Les fins de soirées sont déprimantes sauf quand Charles Consigny et Stanislas Rigault décident de s’occuper de la musique. Consigny, avocat Les Républicains adepte de la provocation charge Zemmour comme à la parade: vision falsifiée de l’Histoire, thèmes de sa campagne hors-sujet pour les Français. Le jeune zemmourien Rigault ne s’en laisse pas compter: “Les LR, vous êtes dans la merde” assène-t-il tout simplement lors d’un court laps de temps où Consigny reprend son souffle. Je vous assure que sur place pareille phrase n’avait rien de vulgaire et tout de drôle. A la régulière.
Venons-en au fond, à savoir la première partie de la phrase du conseiller de Marine Le Pen: “C’était mon premier meeting de Zemmour.” Alors, il y avait beaucoup de partisans d’Eric Zemmour dans la salle.

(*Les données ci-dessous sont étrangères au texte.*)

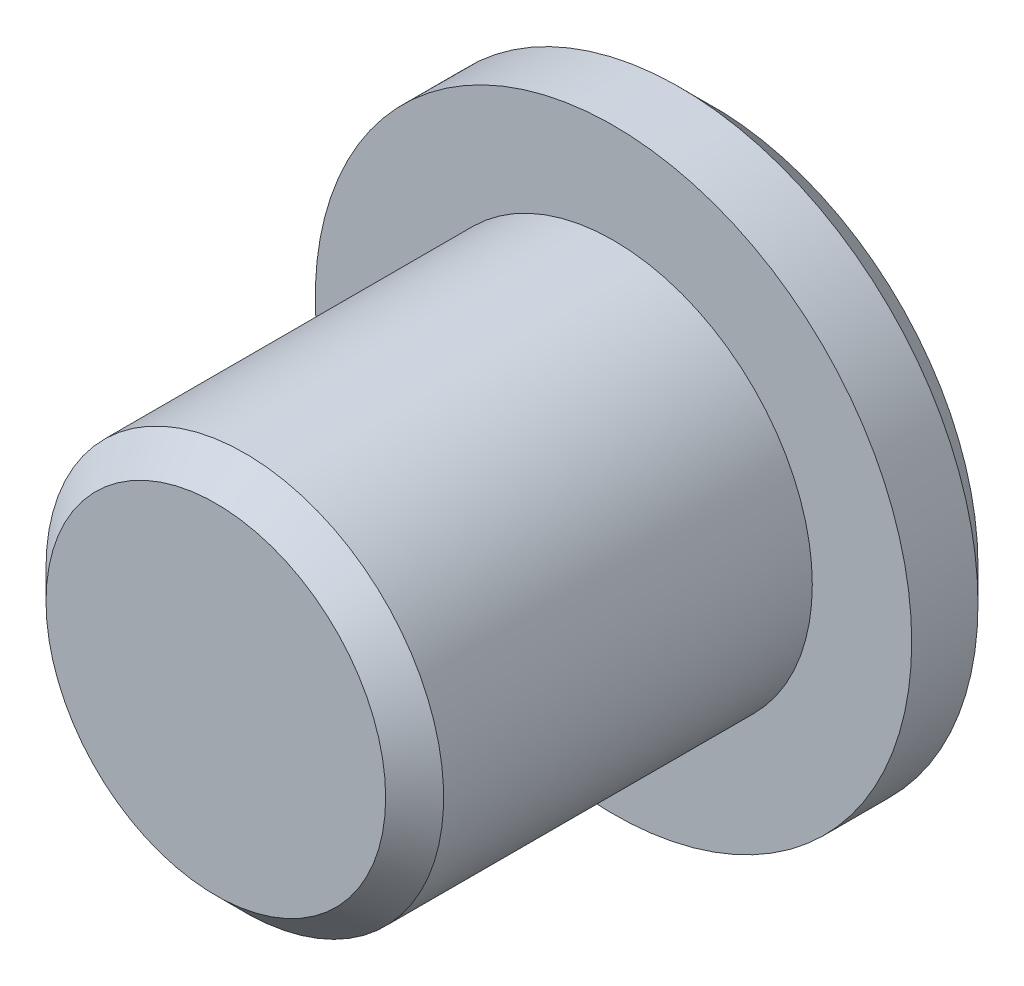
ISO-10303-21;
HEADER;
FILE_DESCRIPTION(('STEP AP214'),'2;1');
FILE_NAME('part.step','',(''),(''),'','','');
FILE_SCHEMA(('AUTOMOTIVE_DESIGN { 1 0 10303 214 1 1 1 1 }'));
ENDSEC;
DATA;
#1=APPLICATION_CONTEXT('core data for automotive mechanical design processes');
#2=APPLICATION_PROTOCOL_DEFINITION('international standard','automotive_design',2000,#1);
#3=PRODUCT_CONTEXT('',#1,'mechanical');
#4=PRODUCT('Part','Part','',(#3));
#5=PRODUCT_RELATED_PRODUCT_CATEGORY('part','',(#4));
#6=PRODUCT_DEFINITION_FORMATION('','',#4);
#7=PRODUCT_DEFINITION_CONTEXT('part definition',#1,'design');
#8=PRODUCT_DEFINITION('design','',#6,#7);
#9=PRODUCT_DEFINITION_SHAPE('','',#8);
#10=(LENGTH_UNIT() NAMED_UNIT(*) SI_UNIT(.MILLI.,.METRE.));
#11=(NAMED_UNIT(*) PLANE_ANGLE_UNIT() SI_UNIT($,.RADIAN.));
#12=(NAMED_UNIT(*) SI_UNIT($,.STERADIAN.) SOLID_ANGLE_UNIT());
#13=UNCERTAINTY_MEASURE_WITH_UNIT(LENGTH_MEASURE(1.E-05),#10,'distance_accuracy_value','');
#14=(GEOMETRIC_REPRESENTATION_CONTEXT(3) GLOBAL_UNCERTAINTY_ASSIGNED_CONTEXT((#13)) GLOBAL_UNIT_ASSIGNED_CONTEXT((#10,
#11,#12)) REPRESENTATION_CONTEXT('',''));
#15=CARTESIAN_POINT('',(0.,0.,0.));
#16=DIRECTION('',(0.,0.,1.));
#17=DIRECTION('',(1.,0.,0.));
#18=AXIS2_PLACEMENT_3D('',#15,#16,#17);
#19=CARTESIAN_POINT('',(0.,0.,0.));
#20=DIRECTION('',(0.,0.,1.));
#21=DIRECTION('',(1.,0.,0.));
#22=AXIS2_PLACEMENT_3D('',#19,#20,#21);
#23=PLANE('',#22);
#24=CARTESIAN_POINT('',(0.,0.,0.));
#25=DIRECTION('',(0.,0.,1.));
#26=DIRECTION('',(1.,0.,0.));
#27=AXIS2_PLACEMENT_3D('',#24,#25,#26);
#28=CIRCLE('',#27,8.);
#29=CARTESIAN_POINT('',(8.,0.,0.));
#30=VERTEX_POINT('',#29);
#31=EDGE_CURVE('E45',#30,#30,#28,.F.);
#32=ORIENTED_EDGE('',*,*,#31,.T.);
#33=EDGE_LOOP('',(#32));
#34=FACE_BOUND('',#33,.T.);
#35=CARTESIAN_POINT('',(0.,0.,0.));
#36=DIRECTION('',(0.,0.,-1.));
#37=DIRECTION('',(-1.,0.,0.));
#38=AXIS2_PLACEMENT_3D('',#35,#36,#37);
#39=CIRCLE('',#38,3.46410161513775);
#40=CARTESIAN_POINT('',(3.46410161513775,0.,0.));
#41=VERTEX_POINT('',#40);
#42=CARTESIAN_POINT('',(1.73205080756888,-3.,0.));
#43=VERTEX_POINT('',#42);
#44=EDGE_CURVE('E152',#41,#43,#39,.T.);
#45=ORIENTED_EDGE('',*,*,#44,.F.);
#46=CARTESIAN_POINT('',(1.73205080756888,3.,0.));
#47=VERTEX_POINT('',#46);
#48=EDGE_CURVE('E151',#47,#41,#39,.T.);
#49=ORIENTED_EDGE('',*,*,#48,.F.);
#50=CARTESIAN_POINT('',(-1.73205080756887,3.,0.));
#51=VERTEX_POINT('',#50);
#52=EDGE_CURVE('E119',#51,#47,#39,.T.);
#53=ORIENTED_EDGE('',*,*,#52,.F.);
#54=CARTESIAN_POINT('',(-3.46410161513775,0.,0.));
#55=VERTEX_POINT('',#54);
#56=EDGE_CURVE('E111',#55,#51,#39,.T.);
#57=ORIENTED_EDGE('',*,*,#56,.F.);
#58=CARTESIAN_POINT('',(-1.73205080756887,-3.,0.));
#59=VERTEX_POINT('',#58);
#60=EDGE_CURVE('E51',#59,#55,#39,.T.);
#61=ORIENTED_EDGE('',*,*,#60,.F.);
#62=EDGE_CURVE('E58',#43,#59,#39,.T.);
#63=ORIENTED_EDGE('',*,*,#62,.F.);
#64=EDGE_LOOP('',(#45,#49,#53,#57,#61,#63));
#65=FACE_BOUND('',#64,.T.);
#66=ADVANCED_FACE('F32',(#34,#65),#23,.F.);
#67=CARTESIAN_POINT('',(0.,0.,3.));
#68=DIRECTION('',(0.,0.,1.));
#69=DIRECTION('',(1.,0.,0.));
#70=AXIS2_PLACEMENT_3D('',#67,#68,#69);
#71=PLANE('',#70);
#72=CARTESIAN_POINT('',(0.,0.,3.));
#73=DIRECTION('',(0.,0.,1.));
#74=DIRECTION('',(1.,0.,0.));
#75=AXIS2_PLACEMENT_3D('',#72,#73,#74);
#76=CIRCLE('',#75,9.);
#77=CARTESIAN_POINT('',(9.,0.,3.));
#78=VERTEX_POINT('',#77);
#79=EDGE_CURVE('E244',#78,#78,#76,.T.);
#80=ORIENTED_EDGE('',*,*,#79,.T.);
#81=EDGE_LOOP('',(#80));
#82=FACE_BOUND('',#81,.T.);
#83=CARTESIAN_POINT('',(0.,0.,3.));
#84=DIRECTION('',(0.,0.,1.));
#85=DIRECTION('',(1.,0.,0.));
#86=AXIS2_PLACEMENT_3D('',#83,#84,#85);
#87=CIRCLE('',#86,6.);
#88=CARTESIAN_POINT('',(6.,0.,3.));
#89=VERTEX_POINT('',#88);
#90=EDGE_CURVE('E249',#89,#89,#87,.T.);
#91=ORIENTED_EDGE('',*,*,#90,.F.);
#92=EDGE_LOOP('',(#91));
#93=FACE_BOUND('',#92,.T.);
#94=ADVANCED_FACE('F211',(#82,#93),#71,.T.);
#95=CARTESIAN_POINT('',(0.,0.,3.));
#96=DIRECTION('',(0.,0.,-1.));
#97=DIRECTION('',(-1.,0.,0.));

Que nous remercions chaleureusement d’être venus. Il y avait beaucoup de partisans du Rassemblement national dans la salle. Que nous remercions chaleureusement d’être venus. Il y avait des fans de Charles Consigny lui-même. Charlotte d’Ornellas m’a d’ailleurs confié avoir entendu un improbable “Consigny président !” surgir des travées. Il y avait aussi des athées, des pratiquants, des abstentionnistes, des capricorne et des végétariens. Il y avait en réalité des gens qui se ressemblent en de nombreux points: des gens capables d’applaudir Hugo Clément quand il fait remarquer que nous n’avons plus besoin de laver nos pare-brise depuis que la population des insectes s’est écroulée, d’apostropher un ancien Premier ministre puis de lui acheter son livre, des gens qui ont voté Eric Zemmour à la présidentielle et qui encouragent bruyamment Jordan Bardella. Des électeurs de Valérie Pécresse qui trouvent que Charles Consigny ne manque pas de toupet, des électeurs de Marine Le Pen qui reconnaissent à François-Xavier Bellamy un talent dont ils auraient aimé être dotés.
En réalité, il y avait des gens curieux. Des gens qui ont faim et qui ont soif. C’est cela, la leçon politique du Grand débat des Valeurs. Si un couple vient de Poitiers un jour de grève, comme j’en ai croisé un à la sortie, c’est parce qu’il veut comprendre dans quel monde on vit, confronter son ressenti à la parole d’un décideur public. Sans doute veut-il trouver, pour paraphraser Emmanuel Macron, “un chemin d’avenir” pour la droite, et pour la France. Alors Zemmour, Le Pen, Bardella, ce sont des étiquettes, qui ne viennent que se surajouter à la vraie vie des vraies préoccupations des vrais gens. Cette salle était joyeuse et diverse, polie et chercheuse. Elle regarde, elle réfléchit, elle s’exprime, elle doute, elle s’amuse, et personne ne pourra lui voler sa soirée.